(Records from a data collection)
•••
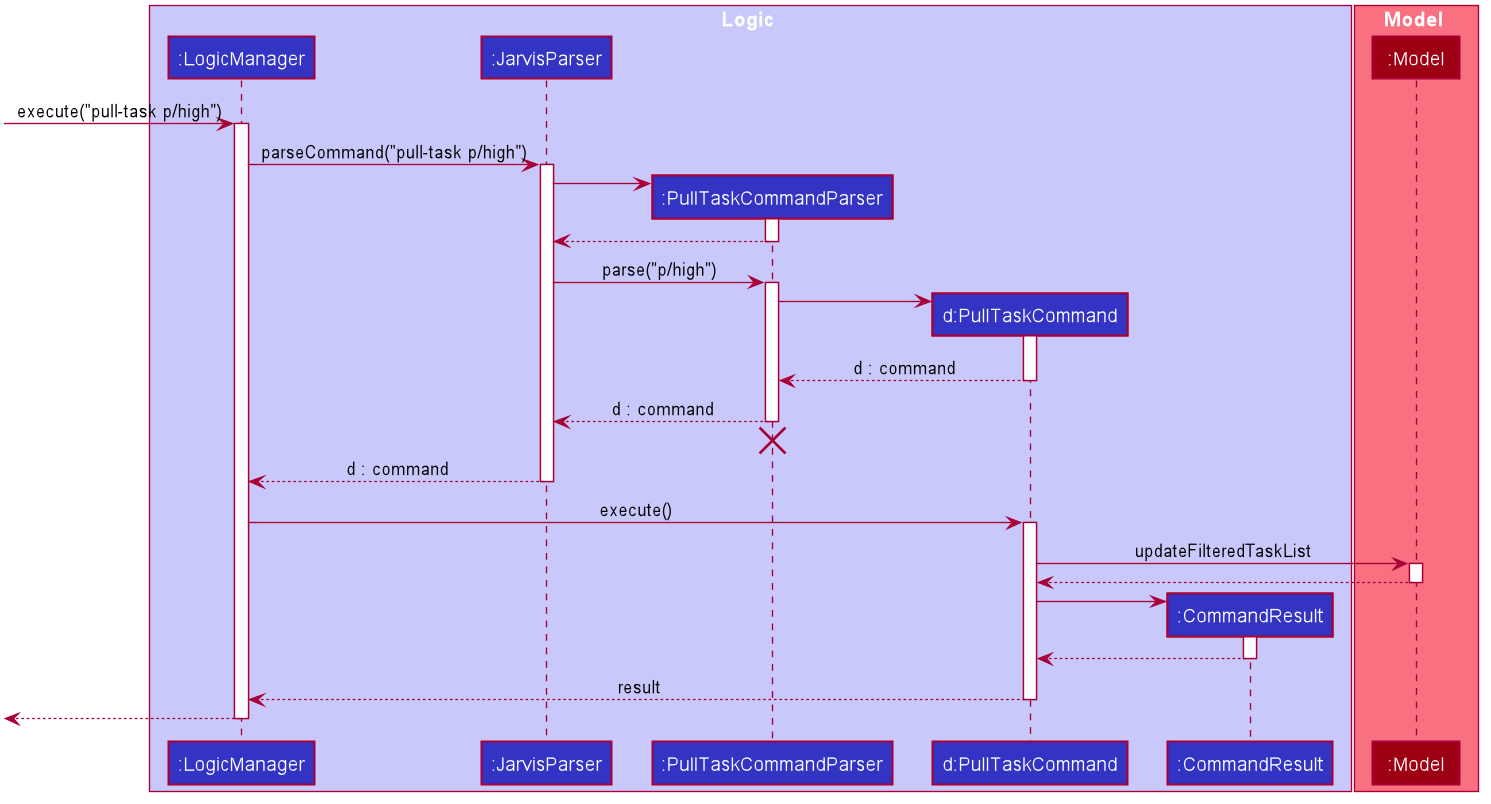

The diagram above was rendered by PlantUML. Its source (embedded in the PNG):
@startuml








skinparam BackgroundColor #FFFFFFF

skinparam Shadowing false

skinparam Class {
    FontColor #FFFFFF
    BorderThickness 1
    BorderColor #FFFFFF
    StereotypeFontColor #FFFFFF
    FontName Arial
    ClassAttributeFontColor #FFFFFFF
}

skinparam Actor {
    BorderColor #000000
    Color #000000
    FontName Arial
}

skinparam Sequence {
    MessageAlign center
    BoxFontSize 15
    BoxPadding 0
    BoxFontColor #FFFFFF
    FontName Arial
}

skinparam Participant {
    FontColor #FFFFFFF
    Padding 20
}

skinparam MinClassWidth 50
skinparam ParticipantPadding 10
skinparam Shadowing false
skinparam DefaultTextAlignment center
skinparam packageStyle Rectangle

hide circle

box Logic #C8C8FA
participant ":LogicManager" as LogicManager #3333C4
participant ":JarvisParser" as JarvisParser #3333C4
participant ":PullTaskCommandParser" as PullTaskCommandParser #3333C4
participant "d:PullTaskCommand" as PullTaskCommand #3333C4
participant ":CommandResult" as CommandResult #3333C4
end box

box Model #F97181
participant ":Model" as Model #9D0012
end box

[-> LogicManager : execute("pull-task p/high")
activate LogicManager

LogicManager -> JarvisParser : parseCommand("pull-task p/high")
activate JarvisParser

create PullTaskCommandParser
JarvisParser -> PullTaskCommandParser
activate PullTaskCommandParser

PullTaskCommandParser --> JarvisParser
deactivate PullTaskCommandParser

JarvisParser -> PullTaskCommandParser : parse("p/high")
activate PullTaskCommandParser

create PullTaskCommand
PullTaskCommandParser -> PullTaskCommand
activate PullTaskCommand

PullTaskCommand --> PullTaskCommandParser : d : command
deactivate PullTaskCommand

PullTaskCommandParser --> JarvisParser : d : command
deactivate PullTaskCommandParser
PullTaskCommandParser -[hidden]-> JarvisParser
destroy PullTaskCommandParser

JarvisParser --> LogicManager : d : command
deactivate JarvisParser

LogicManager -> PullTaskCommand : execute()
activate PullTaskCommand

PullTaskCommand -> Model : updateFilteredTaskList
activate Model

Model --> PullTaskCommand
deactivate Model

create CommandResult
PullTaskCommand -> CommandResult
activate CommandResult

CommandResult --> PullTaskCommand
deactivate CommandResult

PullTaskCommand --> LogicManager : result
deactivate PullTaskCommand

[<--LogicManager
deactivate LogicManager
@enduml
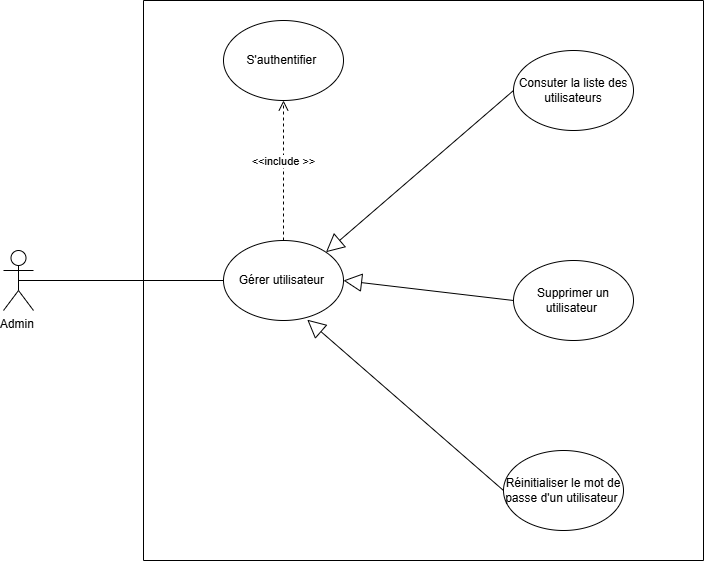

The diagram above was exported from draw.io. Its source (the exported page's mxGraphModel, read from the mxfile embedded in the PNG):
<mxGraphModel dx="1042" dy="660" grid="1" gridSize="10" guides="1" tooltips="1" connect="1" arrows="1" fold="1" page="1" pageScale="1" pageWidth="827" pageHeight="1169" math="0" shadow="0">
  <root>
    <mxCell id="0" />
    <mxCell id="1" parent="0" />
    <mxCell id="afcOs27-ESFrPpvKPVTc-1" parent="1" style="shape=umlActor;verticalLabelPosition=bottom;verticalAlign=top;html=1;outlineConnect=0;" value="Admin&amp;nbsp;" vertex="1">
      <mxGeometry height="60" width="30" x="60" y="330" as="geometry" />
    </mxCell>
    <mxCell id="afcOs27-ESFrPpvKPVTc-2" parent="1" style="ellipse;whiteSpace=wrap;html=1;" value="Gérer utilisateur&amp;nbsp;" vertex="1">
      <mxGeometry height="80" width="120" x="280" y="320" as="geometry" />
    </mxCell>
    <mxCell id="afcOs27-ESFrPpvKPVTc-3" parent="1" style="ellipse;whiteSpace=wrap;html=1;" value="Supprimer un utilisateur&amp;nbsp;" vertex="1">
      <mxGeometry height="80" width="120" x="570" y="340" as="geometry" />
    </mxCell>
    <mxCell id="afcOs27-ESFrPpvKPVTc-4" parent="1" style="ellipse;whiteSpace=wrap;html=1;" value="Consuter la liste des utilisateurs" vertex="1">
      <mxGeometry height="80" width="120" x="570" y="130" as="geometry" />
    </mxCell>
    <mxCell id="afcOs27-ESFrPpvKPVTc-6" parent="1" style="ellipse;whiteSpace=wrap;html=1;" value="Réinitialiser le mot de passe d'un utilisateur&amp;nbsp;" vertex="1">
      <mxGeometry height="80" width="120" x="560" y="530" as="geometry" />
    </mxCell>
    <mxCell id="afcOs27-ESFrPpvKPVTc-7" parent="1" style="ellipse;whiteSpace=wrap;html=1;" value="S'authentifier&amp;nbsp;" vertex="1">
      <mxGeometry height="80" width="120" x="280" y="100" as="geometry" />
    </mxCell>
    <mxCell id="afcOs27-ESFrPpvKPVTc-8" edge="1" parent="1" source="afcOs27-ESFrPpvKPVTc-4" style="endArrow=block;endSize=16;endFill=0;html=1;rounded=0;exitX=0;exitY=0.5;exitDx=0;exitDy=0;entryX=1;entryY=0;entryDx=0;entryDy=0;" target="afcOs27-ESFrPpvKPVTc-2" value="">
      <mxGeometry relative="1" width="160" as="geometry">
        <mxPoint x="330" y="470" as="sourcePoint" />
        <mxPoint x="490" y="470" as="targetPoint" />
      </mxGeometry>
    </mxCell>
    <mxCell id="afcOs27-ESFrPpvKPVTc-9" edge="1" parent="1" source="afcOs27-ESFrPpvKPVTc-3" style="endArrow=block;endSize=16;endFill=0;html=1;rounded=0;exitX=0;exitY=0.5;exitDx=0;exitDy=0;entryX=1;entryY=0.5;entryDx=0;entryDy=0;" target="afcOs27-ESFrPpvKPVTc-2" value="">
      <mxGeometry relative="1" width="160" as="geometry">
        <mxPoint x="330" y="470" as="sourcePoint" />
        <mxPoint x="490" y="470" as="targetPoint" />
      </mxGeometry>
    </mxCell>
    <mxCell id="afcOs27-ESFrPpvKPVTc-10" edge="1" parent="1" source="afcOs27-ESFrPpvKPVTc-6" style="endArrow=block;endSize=16;endFill=0;html=1;rounded=0;exitX=0;exitY=0.5;exitDx=0;exitDy=0;entryX=0.698;entryY=0.99;entryDx=0;entryDy=0;entryPerimeter=0;" target="afcOs27-ESFrPpvKPVTc-2" value="">
      <mxGeometry relative="1" width="160" as="geometry">
        <mxPoint x="330" y="470" as="sourcePoint" />
        <mxPoint x="490" y="470" as="targetPoint" />
      </mxGeometry>
    </mxCell>
    <mxCell id="afcOs27-ESFrPpvKPVTc-11" edge="1" parent="1" source="afcOs27-ESFrPpvKPVTc-2" style="html=1;verticalAlign=bottom;endArrow=open;dashed=1;endSize=8;curved=0;rounded=0;entryX=0.5;entryY=1;entryDx=0;entryDy=0;exitX=0.5;exitY=0;exitDx=0;exitDy=0;" target="afcOs27-ESFrPpvKPVTc-7" value="&amp;lt;&amp;lt;include &amp;gt;&amp;gt;">
      <mxGeometry relative="1" as="geometry">
        <mxPoint x="450" y="390" as="sourcePoint" />
        <mxPoint x="370" y="390" as="targetPoint" />
      </mxGeometry>
    </mxCell>
    <mxCell id="afcOs27-ESFrPpvKPVTc-12" edge="1" parent="1" source="afcOs27-ESFrPpvKPVTc-2" style="endArrow=none;html=1;rounded=0;exitX=0;exitY=0.5;exitDx=0;exitDy=0;entryX=0.5;entryY=0.5;entryDx=0;entryDy=0;entryPerimeter=0;" target="afcOs27-ESFrPpvKPVTc-1" value="">
      <mxGeometry height="50" relative="1" width="50" as="geometry">
        <mxPoint x="390" y="420" as="sourcePoint" />
        <mxPoint x="440" y="370" as="targetPoint" />
      </mxGeometry>
    </mxCell>
    <mxCell id="cNo54GhPKCCCmgVteiXu-1" edge="1" parent="1" style="endArrow=none;html=1;rounded=0;" value="">
      <mxGeometry height="50" relative="1" width="50" as="geometry">
        <mxPoint x="200" y="640" as="sourcePoint" />
        <mxPoint x="200" y="80" as="targetPoint" />
      </mxGeometry>
    </mxCell>
    <mxCell id="cNo54GhPKCCCmgVteiXu-2" edge="1" parent="1" style="endArrow=none;html=1;rounded=0;" value="">
      <mxGeometry height="50" relative="1" width="50" as="geometry">
        <mxPoint x="760" y="80" as="sourcePoint" />
        <mxPoint x="200" y="80" as="targetPoint" />
      </mxGeometry>
    </mxCell>
    <mxCell id="cNo54GhPKCCCmgVteiXu-3" edge="1" parent="1" style="endArrow=none;html=1;rounded=0;" value="">
      <mxGeometry height="50" relative="1" width="50" as="geometry">
        <mxPoint x="760" y="640" as="sourcePoint" />
        <mxPoint x="760" y="80" as="targetPoint" />
      </mxGeometry>
    </mxCell>
    <mxCell id="cNo54GhPKCCCmgVteiXu-4" edge="1" parent="1" style="endArrow=none;html=1;rounded=0;" value="">
      <mxGeometry height="50" relative="1" width="50" as="geometry">
        <mxPoint x="760" y="640" as="sourcePoint" />
        <mxPoint x="200" y="640" as="targetPoint" />
      </mxGeometry>
    </mxCell>
  </root>
</mxGraphModel>
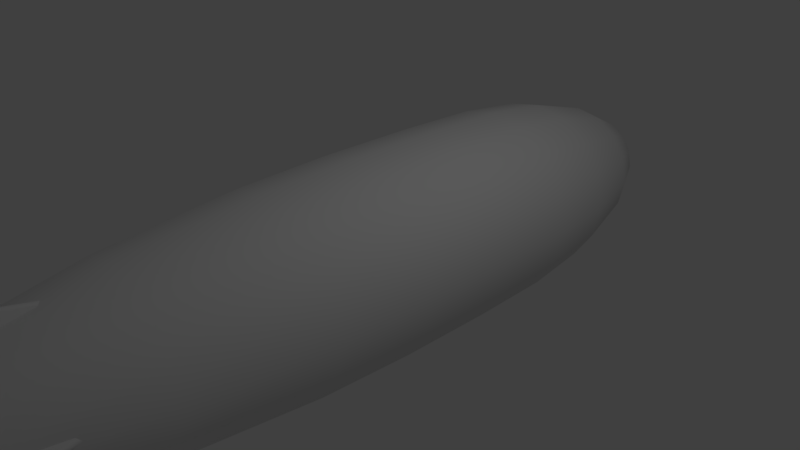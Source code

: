 # Source: zeppelin.blend  (saved by Blender 2.78.0; exported with 4.5.12 LTS)
import bpy
from mathutils import Matrix  # noqa: F401  (used for matrix-valued properties, if any)

bpy.ops.wm.read_factory_settings(use_empty=True)
scene = bpy.context.scene
scene.name = 'Scene'

# ---- collections
col_collection_1 = bpy.data.collections.new('Collection 1'); scene.collection.children.link(col_collection_1)

# ---- materials (node trees are filled in below, after node groups)
mat_0_zeppelin = bpy.data.materials.new('0_zeppelin')
mat_0_zeppelin.alpha_threshold = 0.0
mat_0_zeppelin.use_transparent_shadow = False
mat_0_zeppelin.roughness = 0.5

# ---- material node trees

# ---- world
world_world = bpy.data.worlds.new('World'); scene.world = world_world
world_world.color = (0.05088, 0.05088, 0.05088)
world_world.use_sun_shadow = False
world_world.sun_shadow_jitter_overblur = 0.0
world_world.cycles.sampling_method = 'MANUAL'

# ---- cameras
cam_camera = bpy.data.cameras.new('Camera')
cam_camera.clip_end = 100.0
cam_camera.lens = 35.0
cam_camera.sensor_width = 32.0
cam_camera.sensor_height = 18.0
cam_camera.ortho_scale = 7.314
cam_camera.dof.focus_distance = 0.0
cam_camera.dof.aperture_fstop = 128.0

# ---- lights
light_lamp = bpy.data.lights.new('Lamp', 'POINT')
light_lamp.transmission_factor = 0.0
light_lamp.cutoff_distance = 30.0
light_lamp.energy = 100.0
light_lamp.shadow_buffer_clip_start = 1.001
light_lamp.shadow_soft_size = 0.1
light_lamp.shadow_maximum_resolution = 0.006
light_lamp.use_absolute_resolution = True

# ---- meshes
me_cylinder = bpy.data.meshes.new('Cylinder')
me_cylinder.from_pydata([(0.04464, -0.7308, 4.578), (0.03823, 0.8509, 4.578), (0.04464, -0.5673, 2.971), (0.03823, 0.7198, 2.971), (0.04464, -0.7308, 4.193), (0.04464, -0.7308, 3.786), (0.04464, -0.6904, 3.379), (0.03823, 0.8112, 3.379), (0.03823, 0.8509, 3.786), (0.03823, 0.8509, 4.193), (0.08473, 0.05673, 2.971), (0.08473, 0.05673, 4.483), (0.08473, 0.05673, 3.379), (0.08473, 0.05673, 3.786), (0.08473, 0.05673, 4.17), (-0.04464, -0.7308, 4.578), (-0.03823, 0.8509, 4.578), (-0.04464, -0.5673, 2.971), (-0.03823, 0.7198, 2.971), (3.268e-17, -0.5957, 2.971), (3.268e-17, 0.7416, 2.971), (3.268e-17, -0.7592, 4.601), (3.268e-17, 0.8727, 4.601), (-0.04464, -0.7308, 4.193), (-0.04464, -0.7308, 3.786), (-0.04464, -0.6904, 3.379), (-0.03823, 0.8112, 3.379), (-0.03823, 0.8509, 3.786), (-0.03823, 0.8509, 4.193), (3.268e-17, 0.833, 3.379), (3.268e-17, 0.8727, 3.786), (3.268e-17, 0.8727, 4.193), (3.268e-17, -0.7188, 3.379), (3.268e-17, -0.7592, 3.786), (3.268e-17, -0.7592, 4.193), (-0.08473, 0.05673, 2.971), (-0.08473, 0.05673, 4.483), (3.268e-17, 0.05673, 4.505), (3.268e-17, 0.05673, 2.971), (-0.08473, 0.05673, 3.379), (-0.08473, 0.05673, 3.786), (-0.08473, 0.05673, 4.17), (-0.0394, -1.07, 1.408), (-0.04506, -1.084, 0.9345), (0.0394, -1.07, 1.408), (0.04506, -1.084, 0.9345), (0.09512, -1.015, 1.426), (0.1161, -1.023, 0.9315), (0.09512, -0.9359, 1.426), (0.1161, -0.9272, 0.9315), (0.0394, -0.8802, 1.408), (0.04506, -0.8666, 0.9345), (-0.0394, -0.8802, 1.408), (-0.04506, -0.8666, 0.9345), (-0.09512, -0.9359, 1.426), (-0.1161, -0.9272, 0.9315), (-0.09512, -1.015, 1.426), (-0.1161, -1.023, 0.9315), (-0.06752, -1.03, 0.8831), (-0.06752, -0.921, 0.8831), (0.06752, -1.03, 0.8831), (0.06752, -0.921, 0.8831), (0.0394, -1.007, 1.543), (0.0394, -0.9436, 1.543), (-0.0394, -1.007, 1.543), (-0.0394, -0.9436, 1.543), (0.03703, 0.1261, -3.845), (0.07185, 0.1879, 4.752), (0.08131, 0.09651, -3.847), (0.1225, 0.1554, 4.751), (0.1109, 0.05223, -3.848), (0.1564, 0.1078, 4.752), (0.1213, -1.583e-07, -3.849), (0.1683, 0.05249, 4.752), (0.1109, -0.05223, -3.848), (0.1564, -0.002317, 4.752), (0.08131, -0.09651, -3.847), (0.1225, -0.04826, 4.751), (0.03703, -0.1261, -3.845), (0.07185, -0.0783, 4.752), (0.08338, 0.2111, 4.71), (0.1182, 0.2836, 4.551), (0.2409, 0.5541, 3.792), (0.3244, 0.7832, 2.493), (0.3707, 0.8949, 1.148), (0.3827, 0.9239, 0.1704), (0.3827, 0.9239, -0.8447), (0.3751, 0.9055, -1.699), (0.3458, 0.8348, -2.403), (0.2746, 0.6393, -3.155), (0.1875, 0.4324, -3.595), (0.07569, 0.2145, -3.782), (0.144, 0.1723, 4.71), (0.2133, 0.2232, 4.55), (0.4455, 0.4226, 3.791), (0.5994, 0.5994, 2.489), (0.6849, 0.6849, 1.142), (0.7071, 0.7071, 0.1625), (0.7071, 0.7071, -0.8527), (0.6931, 0.6931, -1.706), (0.6389, 0.6389, -2.408), (0.4972, 0.4893, -3.158), (0.339, 0.3309, -3.595), (0.1479, 0.1671, -3.781), (0.1844, 0.1157, 4.71), (0.2769, 0.1347, 4.55), (0.5822, 0.244, 3.79), (0.7832, 0.3244, 2.486), (0.8949, 0.3707, 1.137), (0.9239, 0.3827, 0.1571), (0.9239, 0.3827, -0.8582), (0.9055, 0.3751, -1.71), (0.8348, 0.3458, -2.412), (0.6458, 0.2648, -3.16), (0.4401, 0.1791, -3.596), (0.1967, 0.0915, -3.781), (0.1987, 0.04971, 4.71), (0.2993, 0.03145, 4.55), (0.6302, 0.04578, 3.789), (0.8477, 4.726e-08, 2.485), (0.9686, -4.552e-09, 1.135), (1.0, -4.029e-08, 0.1552), (1.0, -7.794e-08, -0.8601), (0.9801, -1.077e-07, -1.712), (0.9036, -1.292e-07, -2.414), (0.698, -1.486e-07, -3.16), (0.4757, -1.563e-07, -3.596), (0.2139, -1.575e-07, -3.78), (0.1844, -0.01566, 4.71), (0.2769, -0.0697, 4.55), (0.5822, -0.1516, 3.79), (0.7832, -0.3244, 2.486), (0.8949, -0.3707, 1.137), (0.9239, -0.3827, 0.1571), (0.9239, -0.3827, -0.8582), (0.9055, -0.3751, -1.71), (0.8348, -0.3458, -2.412), (0.6458, -0.2648, -3.16), (0.4401, -0.1791, -3.596), (0.1967, -0.0915, -3.781), (0.144, -0.07051, 4.71), (0.2133, -0.1548, 4.55), (0.4455, -0.3341, 3.791), (0.5994, -0.5994, 2.489), (0.6849, -0.6849, 1.142), (0.7071, -0.7071, 0.1625), (0.7071, -0.7071, -0.8527), (0.6931, -0.6931, -1.706), (0.6389, -0.6389, -2.408), (0.4972, -0.4893, -3.158), (0.339, -0.3309, -3.595), (0.1479, -0.1671, -3.781), (0.08338, -0.1064, 4.71), (0.1182, -0.2124, 4.551), (0.2409, -0.4684, 3.792), (0.3244, -0.7832, 2.493), (0.3707, -0.8949, 1.148), (0.3827, -0.9239, 0.1704), (0.3827, -0.9239, -0.8447), (0.3751, -0.9055, -1.699), (0.3458, -0.8348, -2.403), (0.2746, -0.6393, -3.155), (0.1875, -0.4324, -3.595), (0.07569, -0.2145, -3.782), (0.03123, 0.008048, 4.87), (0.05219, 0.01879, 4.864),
•••
Please work out how many lines above carry "embedded", writing only the result.

* _Exercise output_:
2